Background: This study aimed to investigate the quality of life (QOL) and mental health (MH) post-trauma in the population over 15 years.
Methods: A cross-sectional population-based study, the cluster sampling method was used and 3880 people were interviewed randomly selected individuals between over 15 years in each household in the city of Kashan. Data were analyzed using chi-square, t-test. After data collection, a radial basis function neural network (RBFNN) architecture is exploited to predict the QOL category and MH status after traumatic injuries.

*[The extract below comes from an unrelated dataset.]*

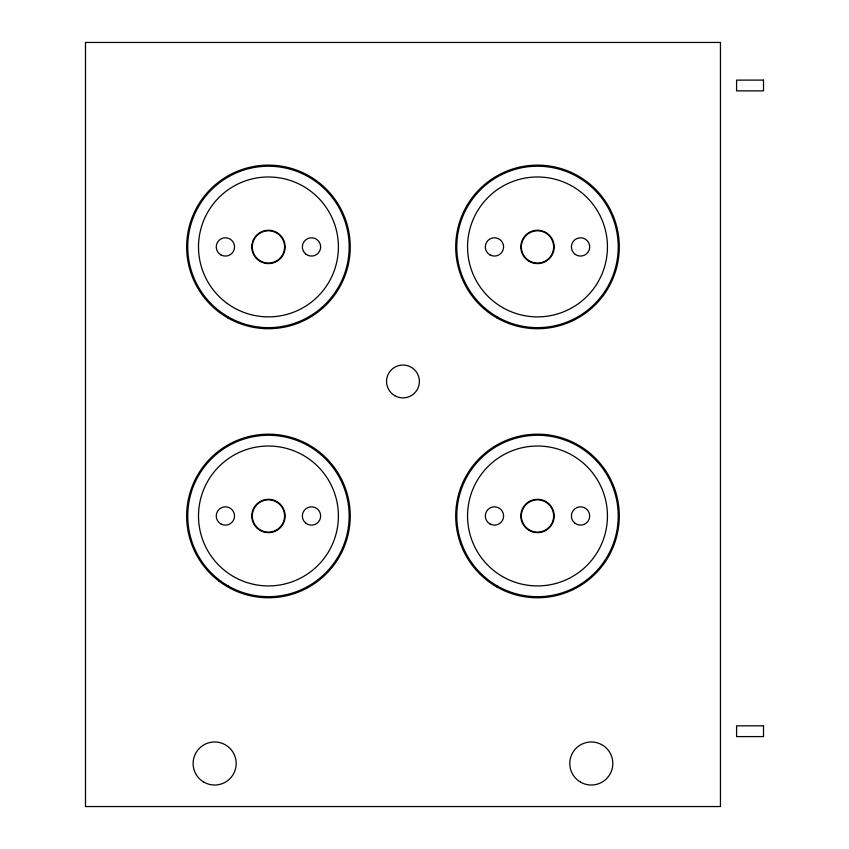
<?xml version="1.0" encoding="UTF-8"?>
<svg xmlns="http://www.w3.org/2000/svg" width="849" height="849" viewBox="0 0 849 849"><rect width="100%" height="100%" fill="white"/><g stroke="black" fill="none" stroke-linecap="round" stroke-linejoin="round"><path stroke-width="1.27" d="M720.451 42.45L85.494 42.45L85.494 806.55L720.451 806.55L720.451 42.45M763.506 80.114L736.592 80.114L736.592 90.875L763.506 90.875L763.506 80.114M763.506 725.831L736.592 725.831L736.592 736.592L763.506 736.592L763.506 725.831M496.601 317.759A81.791 81.791 0 0 0 619.292 246.932A81.791 81.791 0 0 0 496.601 176.093A81.791 81.791 0 0 0 496.601 317.759M227.553 317.759A81.791 81.791 0 0 0 350.244 246.932A81.791 81.791 0 0 0 227.553 176.093A81.791 81.791 0 0 0 227.553 317.759M219 581.13A81.791 81.791 0 0 0 349.597 526.231A81.791 81.791 0 0 0 236.754 440.578A81.791 81.791 0 0 0 219 581.13M496.601 586.808A81.791 81.791 0 0 0 619.292 515.98A81.791 81.791 0 0 0 496.601 445.141A81.791 81.791 0 0 0 496.601 586.808M394.774 395.666A16.407 16.407 0 0 0 419.385 381.456A16.407 16.407 0 0 0 394.774 367.235A16.407 16.407 0 0 0 394.774 395.666M580.546 782.141A21.522 21.522 0 0 0 612.829 763.506A21.522 21.522 0 0 0 580.546 744.86A21.522 21.522 0 0 0 580.546 782.141M203.877 782.141A21.522 21.522 0 0 0 236.171 763.506A21.522 21.522 0 0 0 203.877 744.86A21.522 21.522 0 0 0 203.877 782.141M228.094 316.826A80.719 80.719 0 0 0 349.162 246.932A80.719 80.719 0 0 0 228.094 177.027A80.719 80.719 0 0 0 228.094 316.826M497.143 316.826A80.719 80.719 0 0 0 618.221 246.932A80.719 80.719 0 0 0 497.143 177.027A80.719 80.719 0 0 0 497.143 316.826M497.143 585.874A80.719 80.719 0 0 0 618.221 515.98A80.719 80.719 0 0 0 497.143 446.075A80.719 80.719 0 0 0 497.143 585.874M228.094 585.874A80.719 80.719 0 0 0 349.162 515.98A80.719 80.719 0 0 0 228.094 446.075A80.719 80.719 0 0 0 228.094 585.874M529.426 260.908A16.142 16.142 0 0 0 553.644 246.932A16.142 16.142 0 0 0 529.426 232.944A16.142 16.142 0 0 0 529.426 260.908M257.035 258.34A16.142 16.142 0 0 0 284.044 251.102A16.142 16.142 0 0 0 264.272 231.331A16.142 16.142 0 0 0 257.035 258.34M529.426 529.956A16.142 16.142 0 0 0 553.644 515.98A16.142 16.142 0 0 0 529.426 501.992A16.142 16.142 0 0 0 529.426 529.956M257.035 527.388A16.142 16.142 0 0 0 284.044 520.15A16.142 16.142 0 0 0 264.272 500.379A16.142 16.142 0 0 0 257.035 527.388M305.895 523.207A9.148 9.148 0 0 0 320.561 517.221A9.148 9.148 0 0 0 308.038 507.511A9.148 9.148 0 0 0 305.895 523.207M220.825 523.897A9.148 9.148 0 0 0 234.547 515.98A9.148 9.148 0 0 0 220.825 508.052A9.148 9.148 0 0 0 220.825 523.897M233.475 576.556A69.958 69.958 0 0 0 338.401 515.98A69.958 69.958 0 0 0 233.475 455.393A69.958 69.958 0 0 0 233.475 576.556M260.112 530.423A16.683 16.683 0 0 0 285.137 515.98A16.683 16.683 0 0 0 260.112 501.526A16.683 16.683 0 0 0 260.112 530.423M574.943 523.207A9.148 9.148 0 0 0 589.609 517.221A9.148 9.148 0 0 0 577.097 507.511A9.148 9.148 0 0 0 574.943 523.207M489.884 523.897A9.148 9.148 0 0 0 503.606 515.98A9.148 9.148 0 0 0 489.884 508.052A9.148 9.148 0 0 0 489.884 523.897M502.523 576.556A69.958 69.958 0 0 0 607.449 515.98A69.958 69.958 0 0 0 502.523 455.393A69.958 69.958 0 0 0 502.523 576.556M529.16 530.423A16.683 16.683 0 0 0 554.185 515.98A16.683 16.683 0 0 0 529.16 501.526A16.683 16.683 0 0 0 529.16 530.423M305.895 254.159A9.148 9.148 0 0 0 320.561 248.173A9.148 9.148 0 0 0 308.038 238.463A9.148 9.148 0 0 0 305.895 254.159M220.825 254.849A9.148 9.148 0 0 0 234.547 246.932A9.148 9.148 0 0 0 220.825 239.004A9.148 9.148 0 0 0 220.825 254.849M227.33 303.517A69.958 69.958 0 0 0 338.019 254.244A69.958 69.958 0 0 0 240.002 183.023A69.958 69.958 0 0 0 227.33 303.517M260.112 261.375A16.683 16.683 0 0 0 285.137 246.932A16.683 16.683 0 0 0 260.112 232.477A16.683 16.683 0 0 0 260.112 261.375M575.41 254.498A9.148 9.148 0 0 0 589.673 247.6A9.148 9.148 0 0 0 576.567 238.696A9.148 9.148 0 0 0 575.41 254.498M489.884 254.849A9.148 9.148 0 0 0 503.606 246.932A9.148 9.148 0 0 0 489.884 239.004A9.148 9.148 0 0 0 489.884 254.849M502.523 307.508A69.958 69.958 0 0 0 607.449 246.932A69.958 69.958 0 0 0 502.523 186.345A69.958 69.958 0 0 0 502.523 307.508M529.16 261.375A16.683 16.683 0 0 0 554.185 246.932A16.683 16.683 0 0 0 529.16 232.477A16.683 16.683 0 0 0 529.16 261.375"/></g></svg>

Results :The rate of trauma was 70.64 (62.60-78.70) in 1000 annually, and 77.73% were male. 38.3% of people with trauma have suspected of having mental disorder and 53.3% of people with injury were in good condition of QOL. The risk of suspected MH disorders in people with trauma during the last year was 1.2(0.96-1.61), and the risk of bad QOL was 2.6(1.8-3.7). The obtained results reveal that the RBFNN model can predict the QOL category and MH status with a high level of accuracy (maximum 1% predicting error).
Conclusion :This study reveals several parameters associated with the MH and QOL after trauma. This parameter can be used in prediction outcomes and used to evaluate the care of people with injury. It can also be concluded that the RBFNN predictor can be used for predicting the QOL category and MH status with reasonable authenticity, efficiency, and accuracy.